-
Notifications
You must be signed in to change notification settings - Fork 2
Description
This goes slightly against what I said in #37, but something that would be quite useful
would be a bulk zero-initialisation. There are lots of zero-holes in memory maps,
whether that is because it is zero-initialised data-section, or because there is a long
run of zeros within a sparsely initialised data-section.
An extra boot command that can zero initialise arbitrary segments of RAM using
a single packet would reduce the amount of message traffic needed at start-up,
particularly when we have MBs of data that is mostly zeros.
e.g. something like this:
else if (cmd == StoreZeroCmd) {
// Store zeros to data memory
int n = msgIn->args[0]; // Size ***in bytes*** to transfer (saves an instruction)

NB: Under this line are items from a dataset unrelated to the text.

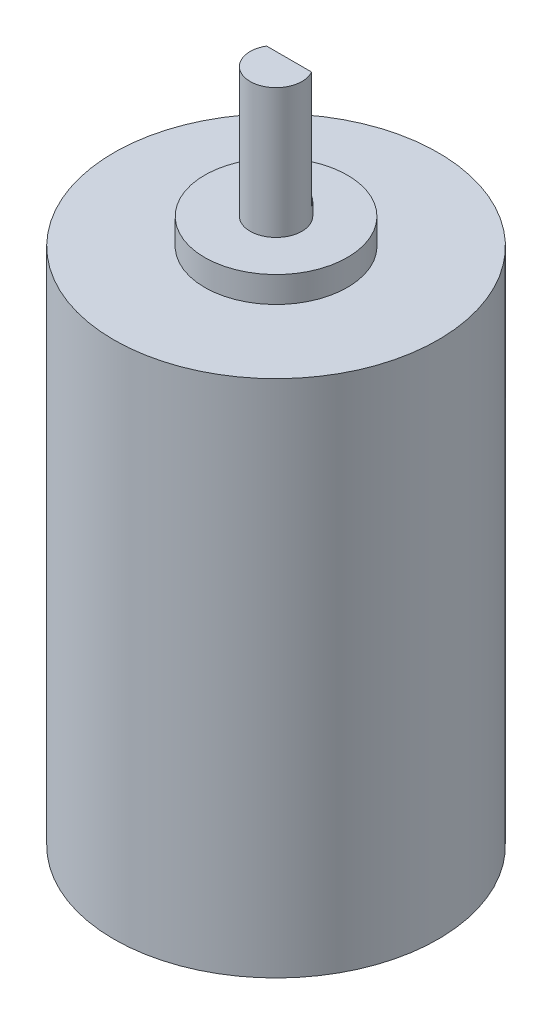
ISO-10303-21;
HEADER;
FILE_DESCRIPTION(('STEP AP214'),'2;1');
FILE_NAME('part.step','',(''),(''),'','','');
FILE_SCHEMA(('AUTOMOTIVE_DESIGN { 1 0 10303 214 1 1 1 1 }'));
ENDSEC;
DATA;
#1=APPLICATION_CONTEXT('core data for automotive mechanical design processes');
#2=APPLICATION_PROTOCOL_DEFINITION('international standard','automotive_design',2000,#1);
#3=PRODUCT_CONTEXT('',#1,'mechanical');
#4=PRODUCT('Part','Part','',(#3));
#5=PRODUCT_RELATED_PRODUCT_CATEGORY('part','',(#4));
#6=PRODUCT_DEFINITION_FORMATION('','',#4);
#7=PRODUCT_DEFINITION_CONTEXT('part definition',#1,'design');
#8=PRODUCT_DEFINITION('design','',#6,#7);
#9=PRODUCT_DEFINITION_SHAPE('','',#8);
#10=(LENGTH_UNIT() NAMED_UNIT(*) SI_UNIT(.MILLI.,.METRE.));
#11=(NAMED_UNIT(*) PLANE_ANGLE_UNIT() SI_UNIT($,.RADIAN.));
#12=(NAMED_UNIT(*) SI_UNIT($,.STERADIAN.) SOLID_ANGLE_UNIT());
#13=UNCERTAINTY_MEASURE_WITH_UNIT(LENGTH_MEASURE(1.E-05),#10,'distance_accuracy_value','');
#14=(GEOMETRIC_REPRESENTATION_CONTEXT(3) GLOBAL_UNCERTAINTY_ASSIGNED_CONTEXT((#13)) GLOBAL_UNIT_ASSIGNED_CONTEXT((#10,
#11,#12)) REPRESENTATION_CONTEXT('',''));
#15=CARTESIAN_POINT('',(0.,0.,0.));
#16=DIRECTION('',(0.,0.,1.));
#17=DIRECTION('',(1.,0.,0.));
#18=AXIS2_PLACEMENT_3D('',#15,#16,#17);
#19=CARTESIAN_POINT('',(0.,52.,0.));
#20=DIRECTION('',(0.,-1.,0.));
#21=DIRECTION('',(0.,0.,-1.));
#22=AXIS2_PLACEMENT_3D('',#19,#20,#21);
#23=PLANE('',#22);
#24=DIRECTION('',(-1.,0.,0.));
#25=VECTOR('',#24,1.);
#26=CARTESIAN_POINT('',(-1.73205080756888,52.,-0.999999999999999));
#27=LINE('',#26,#25);
#28=CARTESIAN_POINT('',(1.73205080756888,52.,-1.));
#29=VERTEX_POINT('',#28);
#30=CARTESIAN_POINT('',(-1.73205080756888,52.,-0.999999999999999));
#31=VERTEX_POINT('',#30);
#32=EDGE_CURVE('E59',#29,#31,#27,.T.);
#33=ORIENTED_EDGE('',*,*,#32,.T.);
#34=CARTESIAN_POINT('',(0.,52.,0.));
#35=DIRECTION('',(0.,1.,0.));
#36=DIRECTION('',(0.,0.,1.));
#37=AXIS2_PLACEMENT_3D('',#34,#35,#36);
#38=CIRCLE('',#37,2.);
#39=EDGE_CURVE('E52',#31,#29,#38,.T.);
#40=ORIENTED_EDGE('',*,*,#39,.T.);
#41=EDGE_LOOP('',(#33,#40));
#42=FACE_BOUND('',#41,.T.);
#43=ADVANCED_FACE('F45',(#42),#23,.F.);
#44=CARTESIAN_POINT('',(0.,52.,0.));
#45=DIRECTION('',(0.,1.,0.));
#46=DIRECTION('',(0.,0.,1.));
#47=AXIS2_PLACEMENT_3D('',#44,#45,#46);
#48=CYLINDRICAL_SURFACE('',#47,2.);
#49=CARTESIAN_POINT('',(0.,42.,0.));
#50=DIRECTION('',(0.,1.,0.));
#51=DIRECTION('',(0.,0.,1.));
#52=AXIS2_PLACEMENT_3D('',#49,#50,#51);
#53=CIRCLE('',#52,2.);
#54=CARTESIAN_POINT('',(0.,42.,2.));
#55=VERTEX_POINT('',#54);
#56=EDGE_CURVE('E82',#55,#55,#53,.T.);
#57=ORIENTED_EDGE('',*,*,#56,.T.);
#58=EDGE_LOOP('',(#57));
#59=FACE_BOUND('',#58,.T.);
#60=CARTESIAN_POINT('',(0.,43.,0.));
#61=DIRECTION('',(0.,1.,0.));
#62=DIRECTION('',(0.,0.,1.));
#63=AXIS2_PLACEMENT_3D('',#60,#61,#62);
#64=CIRCLE('',#63,2.);
#65=CARTESIAN_POINT('',(1.73205080756888,43.,-1.));
#66=VERTEX_POINT('',#65);
#67=CARTESIAN_POINT('',(-1.73205080756888,43.,-0.999999999999999));
#68=VERTEX_POINT('',#67);
#69=EDGE_CURVE('E12',#66,#68,#64,.T.);
#70=ORIENTED_EDGE('',*,*,#69,.F.);
#71=DIRECTION('',(0.,1.,0.));
#72=VECTOR('',#71,1.);
#73=CARTESIAN_POINT('',(1.73205080756888,43.,-1.));
#74=LINE('',#73,#72);
#75=EDGE_CURVE('E76',#66,#29,#74,.T.);
#76=ORIENTED_EDGE('',*,*,#75,.T.);
#77=ORIENTED_EDGE('',*,*,#39,.F.);
#78=DIRECTION('',(0.,1.,0.));
#79=VECTOR('',#78,1.);
#80=CARTESIAN_POINT('',(-1.73205080756888,43.,-0.999999999999999));
#81=LINE('',#80,#79);
#82=EDGE_CURVE('E70',#68,#31,#81,.T.);
#83=ORIENTED_EDGE('',*,*,#82,.F.);
#84=EDGE_LOOP('',(#70,#76,#77,#83));
#85=FACE_BOUND('',#84,.T.);
#86=ADVANCED_FACE('F81',(#59,#85),#48,.T.);
#87=CARTESIAN_POINT('',(5.5,42.,0.));
#88=DIRECTION('',(0.,-1.,0.));
#89=DIRECTION('',(0.,0.,-1.));
#90=AXIS2_PLACEMENT_3D('',#87,#88,#89);
#91=PLANE('',#90);
#92=ORIENTED_EDGE('',*,*,#56,.F.);
#93=EDGE_LOOP('',(#92));
#94=FACE_BOUND('',#93,.T.);
#95=CARTESIAN_POINT('',(0.,42.,0.));
#96=DIRECTION('',(0.,1.,0.));
#97=DIRECTION('',(0.,0.,1.));
#98=AXIS2_PLACEMENT_3D('',#95,#96,#97);
#99=CIRCLE('',#98,5.5);
#100=CARTESIAN_POINT('',(0.,42.,5.5));
#101=VERTEX_POINT('',#100);
#102=EDGE_CURVE('E84',#101,#101,#99,.T.);
#103=ORIENTED_EDGE('',*,*,#102,.T.);
#104=EDGE_LOOP('',(#103));
#105=FACE_BOUND('',#104,.T.);
#106=ADVANCED_FACE('F119',(#94,#105),#91,.F.);
#107=CARTESIAN_POINT('',(0.,52.,0.));
#108=DIRECTION('',(0.,1.,0.));
#109=DIRECTION('',(0.,0.,1.));
#110=AXIS2_PLACEMENT_3D('',#107,#108,#109);
#111=CYLINDRICAL_SURFACE('',#110,5.5);
#112=ORIENTED_EDGE('',*,*,#102,.F.);
#113=EDGE_LOOP('',(#112));
#114=FACE_BOUND('',#113,.T.);
#115=CARTESIAN_POINT('',(0.,40.,0.));
#116=DIRECTION('',(0.,1.,0.));
#117=DIRECTION('',(0.,0.,1.));
#118=AXIS2_PLACEMENT_3D('',#115,#116,#117);
#119=CIRCLE('',#118,5.5);
#120=CARTESIAN_POINT('',(0.,40.,5.5));
#121=VERTEX_POINT('',#120);
#122=EDGE_CURVE('E89',#121,#121,#119,.T.);
#123=ORIENTED_EDGE('',*,*,#122,.T.);
#124=EDGE_LOOP('',(#123));
#125=FACE_BOUND('',#124,.T.);
#126=ADVANCED_FACE('F125',(#114,#125),#111,.T.);
#127=CARTESIAN_POINT('',(12.5,40.,0.));
#128=DIRECTION('',(0.,-1.,0.));
#129=DIRECTION('',(0.,0.,-1.));
#130=AXIS2_PLACEMENT_3D('',#127,#128,#129);
#131=PLANE('',#130);
#132=ORIENTED_EDGE('',*,*,#122,.F.);
#133=EDGE_LOOP('',(#132));
#134=FACE_BOUND('',#133,.T.);
#135=CARTESIAN_POINT('',(0.,40.,0.));
#136=DIRECTION('',(0.,1.,0.));
#137=DIRECTION('',(0.,0.,1.));
#138=AXIS2_PLACEMENT_3D('',#135,#136,#137);
#139=CIRCLE('',#138,12.5);
#140=CARTESIAN_POINT('',(0.,40.,12.5));
#141=VERTEX_POINT('',#140);
#142=EDGE_CURVE('E92',#141,#141,#139,.T.);
#143=ORIENTED_EDGE('',*,*,#142,.T.);
#144=EDGE_LOOP('',(#143));
#145=FACE_BOUND('',#144,.T.);
#146=ADVANCED_FACE('F112',(#134,#145),#131,.F.);
#147=CARTESIAN_POINT('',(0.,52.,0.));
#148=DIRECTION('',(0.,1.,0.));
#149=DIRECTION('',(0.,0.,1.));
#150=AXIS2_PLACEMENT_3D('',#147,#148,#149);
#151=CYLINDRICAL_SURFACE('',#150,12.5);
#152=ORIENTED_EDGE('',*,*,#142,.F.);
#153=EDGE_LOOP('',(#152));
#154=FACE_BOUND('',#153,.T.);
#155=CARTESIAN_POINT('',(0.,0.,0.));
#156=DIRECTION('',(0.,1.,0.));
#157=DIRECTION('',(0.,0.,1.));
#158=AXIS2_PLACEMENT_3D('',#155,#156,#157);
#159=CIRCLE('',#158,12.5);
#160=CARTESIAN_POINT('',(0.,0.,12.5));
#161=VERTEX_POINT('',#160);
#162=EDGE_CURVE('E75',#161,#161,#159,.T.);
#163=ORIENTED_EDGE('',*,*,#162,.T.);
#164=EDGE_LOOP('',(#163));
#165=FACE_BOUND('',#164,.T.);
#166=ADVANCED_FACE('F100',(#154,#165),#151,.T.);
#167=CARTESIAN_POINT('',(0.,0.,0.));
#168=DIRECTION('',(0.,1.,0.));
#169=DIRECTION('',(0.,0.,1.));
#170=AXIS2_PLACEMENT_3D('',#167,#168,#169);
#171=PLANE('',#170);
#172=ORIENTED_EDGE('',*,*,#162,.F.);
#173=EDGE_LOOP('',(#172));
#174=FACE_BOUND('',#173,.T.);
#175=ADVANCED_FACE('F102',(#174),#171,.F.);
#176=CARTESIAN_POINT('',(0.,43.,0.));
#177=DIRECTION('',(0.,1.,0.));
#178=DIRECTION('',(0.,0.,1.));
#179=AXIS2_PLACEMENT_3D('',#176,#177,#178);
#180=PLANE('',#179);
#181=ORIENTED_EDGE('',*,*,#69,.T.);
#182=DIRECTION('',(-1.,0.,0.));
#183=VECTOR('',#182,1.);
#184=CARTESIAN_POINT('',(-1.73205080756888,43.,-0.999999999999999));
#185=LINE('',#184,#183);
#186=EDGE_CURVE('E72',#66,#68,#185,.T.);
#187=ORIENTED_EDGE('',*,*,#186,.F.);
#188=EDGE_LOOP('',(#181,#187));
#189=FACE_BOUND('',#188,.T.);
#190=ADVANCED_FACE('F104',(#189),#180,.T.);
#191=CARTESIAN_POINT('',(-1.73205080756888,43.,-0.999999999999999));
#192=DIRECTION('',(0.,0.,-1.));
#193=DIRECTION('',(-1.,0.,0.));
#194=AXIS2_PLACEMENT_3D('',#191,#192,#193);
#195=PLANE('',#194);
#196=ORIENTED_EDGE('',*,*,#32,.F.);
#197=ORIENTED_EDGE('',*,*,#75,.F.);
#198=ORIENTED_EDGE('',*,*,#186,.T.);
#199=ORIENTED_EDGE('',*,*,#82,.T.);
#200=EDGE_LOOP('',(#196,#197,#198,#199));
#201=FACE_BOUND('',#200,.T.);
#202=ADVANCED_FACE('F71',(#201),#195,.T.);
#203=CLOSED_SHELL('',(#43,#86,#106,#126,#146,#166,#175,#190,#202));
#204=MANIFOLD_SOLID_BREP('B2',#203);
#205=ADVANCED_BREP_SHAPE_REPRESENTATION('',(#18,#204),#14);
#206=SHAPE_DEFINITION_REPRESENTATION(#9,#205);
ENDSEC;
END-ISO-10303-21;

uint32_t addrEnd=addrReg + n;
while( addrReg < addrEnd ){
* (uint32_t*) addrReg = 0;
addrReg += 4;
}
}
I estimate that a total burden of 10-ish instructions added to the bootloader,
and it should be able to fill at about 1 word per 5-ish instructions - presumably
it would end up being DRAM bandwidth limited.
This is assuming that:
-
DRAM is not already zero-initialised: I assume it isn't?
-
Bandwidth from host to boards is much less than total bandwidth to DRAMs; We've
got one PCI Expression link at ~1GB/sec, but even with Aesop we have 6 DRAMs
which offer 12GB/s * 6 = 72 GB/s.
So for a system which is loading multi-GB sections on to DRAM this could
reduce the serial cost quite a bit.
Note that I'm aware that a lot can already be done to support faster loading,
e.g. using multiple threads per DRAM to load, and packing multiple words
into each packet. However a memset instruction would be easy to integrate
into the existing hostlink loaders without adding much complexity, and also
make more sophisticated loaders faster.
Flagrantly not using the PEP system I literally only just proposed because I don't
have time right now - this is more a reminder to turn this into one if it makes sense.